Instructions to follow
Write out the listing, please, but only from its first line through the line containing "[diagram v2b: schematic, after]", exactly as given and without pictures.

Material provided
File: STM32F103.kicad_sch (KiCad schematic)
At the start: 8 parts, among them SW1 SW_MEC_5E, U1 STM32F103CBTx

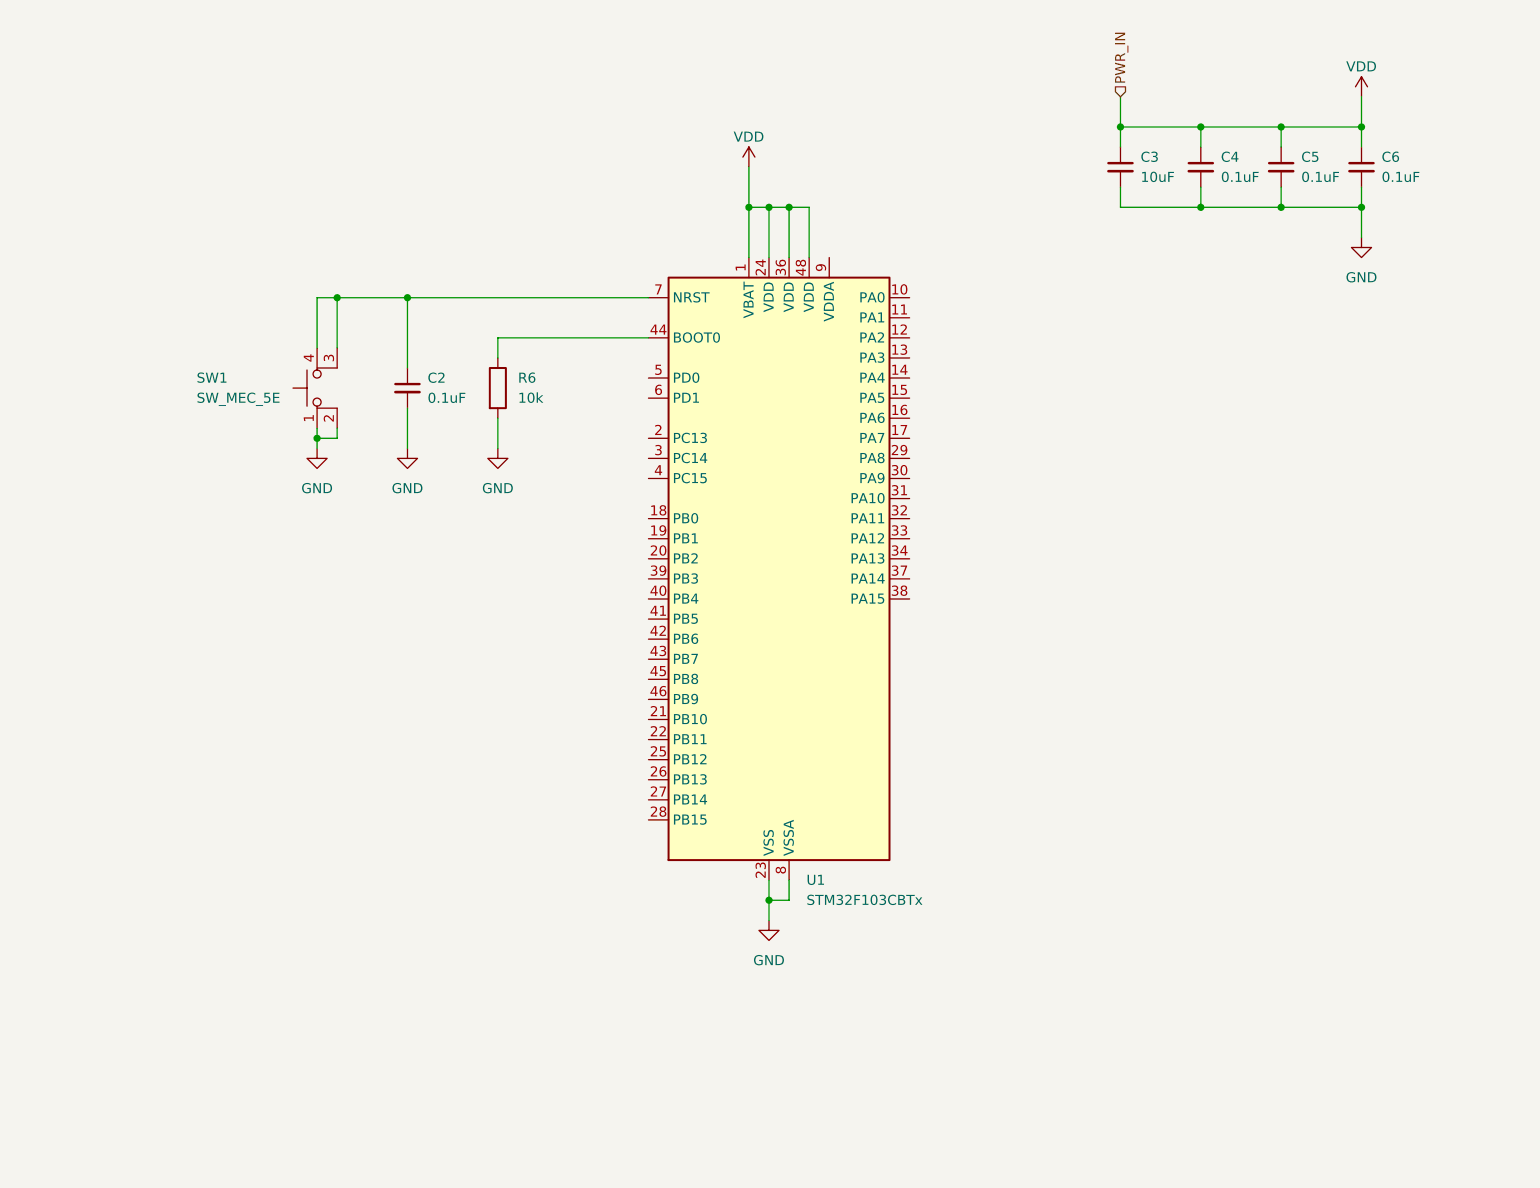
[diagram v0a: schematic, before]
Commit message: add STM32F103
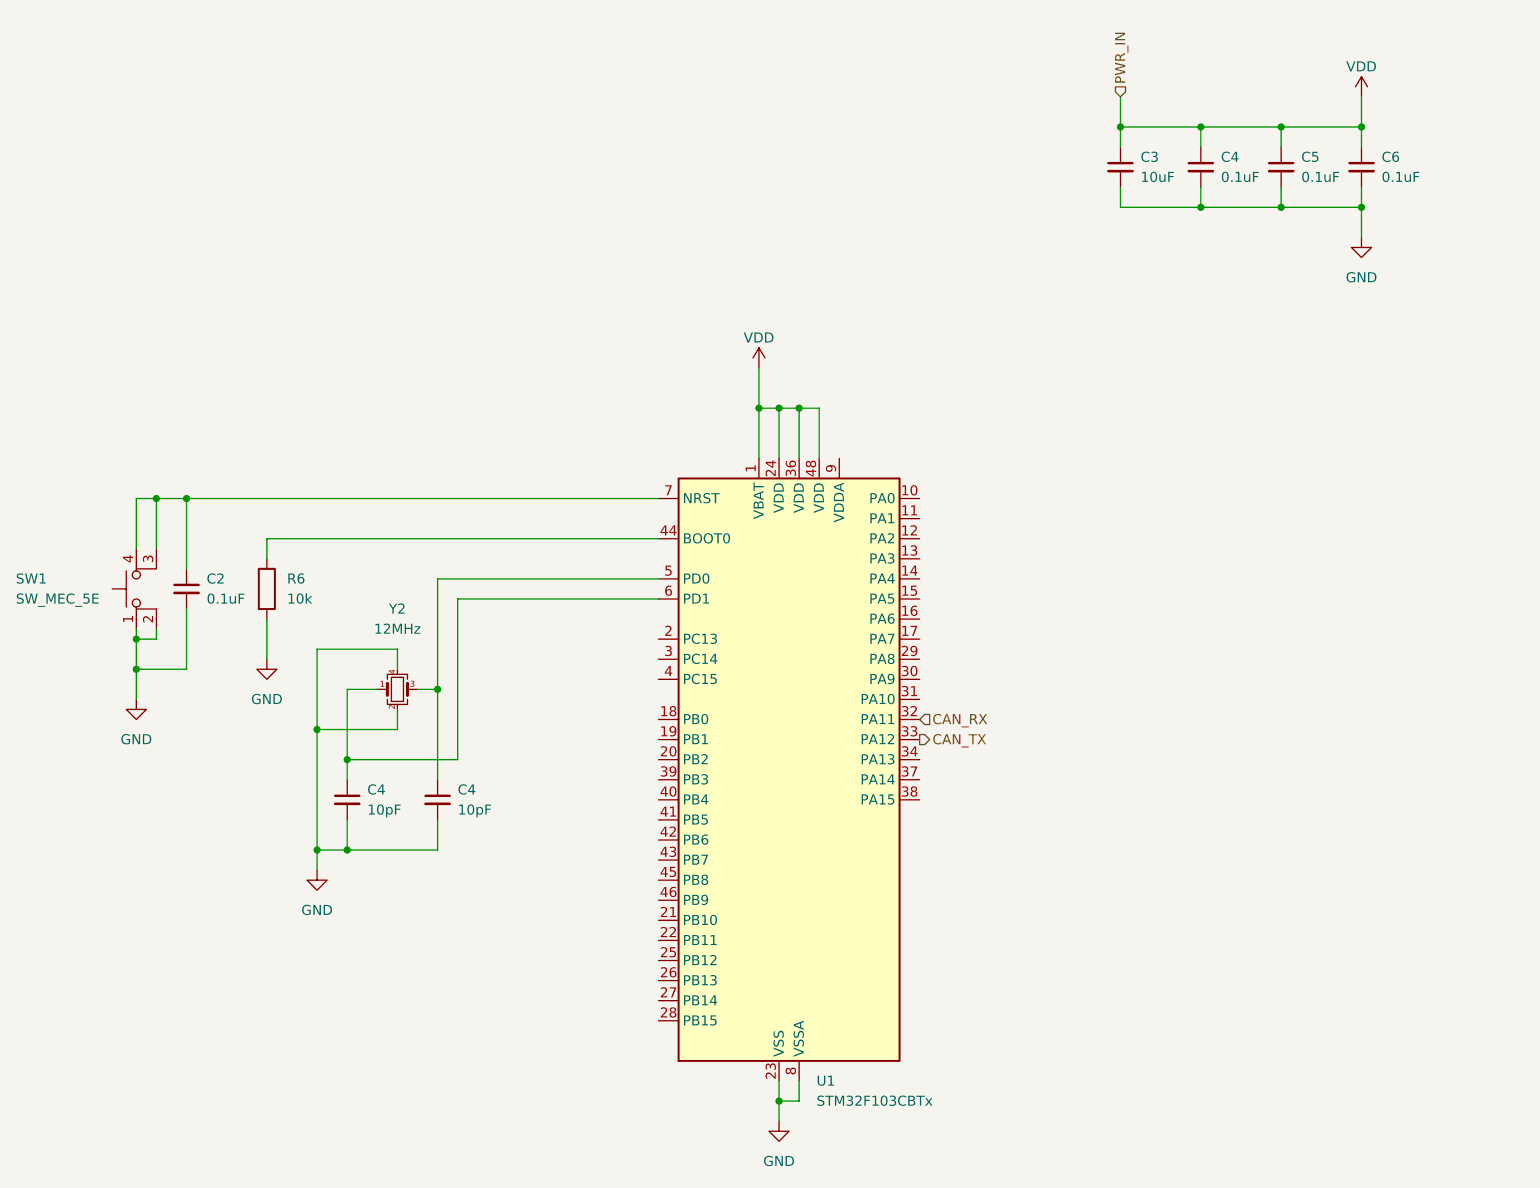
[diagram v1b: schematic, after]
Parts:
- added C4 (x2): 10pF, Capacitor_SMD:C_0603_1608Metric_Pad1.08x0.95mm_HandSolder, symbol Device:C_Small
- added Y2: 12MHz, symbol Device:Crystal_GND24_Small
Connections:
- net GND: now also C4.2, C4.2, Y2.2, Y2.4
- net CAN_RX: now reaches U1.32 (PA11)
- net CAN_TX: now reaches U1.33 (PA12)
- net at U1.5 (PD0): now also C4.1, Y2.3
- net at U1.6 (PD1): now also C4.1, Y2.1
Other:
- moved on the sheet: C2, R6, SW1, U1

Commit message: add switch, EMS & MCU
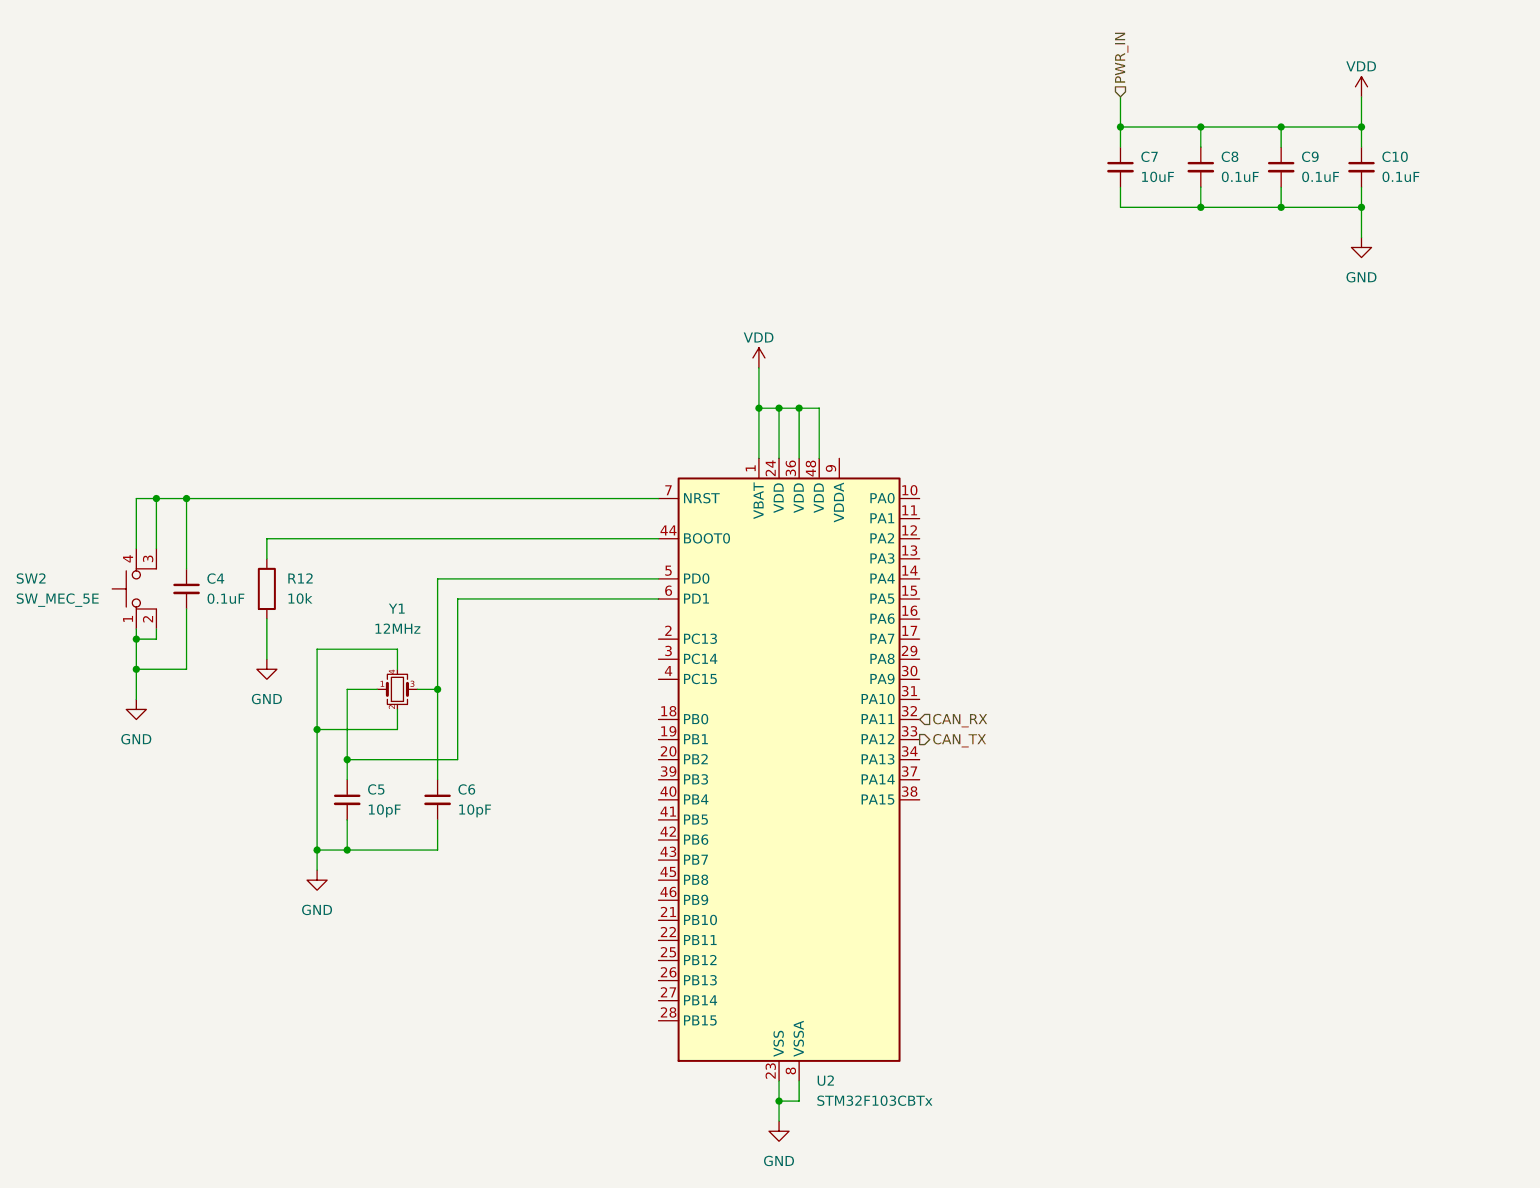
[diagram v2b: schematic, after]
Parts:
- renumbered C6 to C10, C2 to C4, C4 to C5, C4 to C6, C3 to C7, C4 to C8, C5 to C9, R6 to R12, SW1 to SW2, U1 to U2, Y2 to Y1

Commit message: precompreate design
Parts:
- removed SW2: SW_MEC_5E, symbol Switch:SW_MEC_5E
- added C13, C17: 0.1uF, Capacitor_SMD:C_0603_1608Metric_Pad1.08x0.95mm_HandSolder, symbol Device:C_Small
- added C16: 10uF, Capacitor_SMD:C_0603_1608Metric_Pad1.08x0.95mm_HandSolder, symbol Device:C_Small
- added SW4: SW_SPST, Button_Switch_THT:SW_PUSH_6mm_H7.3mm, symbol Switch:SW_SPST
- Y1: footprint (none) -> Crystal:Crystal_SMD_SeikoEpson_FA238V-4Pin_3.2x2.5mm
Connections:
- net GND: now also C13.2, C16.2, C17.2, SW4.1 (A)
- net VDD: now also U2.9 (VDDA), C13.1, C16.1, C17.1
- net CAN_ID1: now reaches U2.13 (PA3)
- net CAN_ID2: now reaches U2.14 (PA4)
- net CAN_ID3: now reaches U2.15 (PA5)
- net CAN_ID4: now reaches U2.16 (PA6)
- net SWDIO: now reaches U2.34 (PA13)
- net SWCLK: now reaches U2.37 (PA14)
- net SWO: now reaches U2.39 (PB3)
- net EMS_Signal: now reaches U2.40 (PB4)
- net EMS_Observe: now reaches U2.41 (PB5)
- net MCU_run: now reaches U2.42 (PB6)
- net at C4.1, U2.7 (NRST): now also SW4.2 (B)

Answer box
File: STM32F103.kicad_sch (KiCad schematic)
At the start: 8 parts, among them SW1 SW_MEC_5E, U1 STM32F103CBTx

[diagram v0a: schematic, before]
Commit message: add STM32F103
[diagram v1b: schematic, after]
Parts:
- added C4 (x2): 10pF, Capacitor_SMD:C_0603_1608Metric_Pad1.08x0.95mm_HandSolder, symbol Device:C_Small
- added Y2: 12MHz, symbol Device:Crystal_GND24_Small
Connections:
- net GND: now also C4.2, C4.2, Y2.2, Y2.4
- net CAN_RX: now reaches U1.32 (PA11)
- net CAN_TX: now reaches U1.33 (PA12)
- net at U1.5 (PD0): now also C4.1, Y2.3
- net at U1.6 (PD1): now also C4.1, Y2.1
Other:
- moved on the sheet: C2, R6, SW1, U1

Commit message: add switch, EMS & MCU
[diagram v2b: schematic, after]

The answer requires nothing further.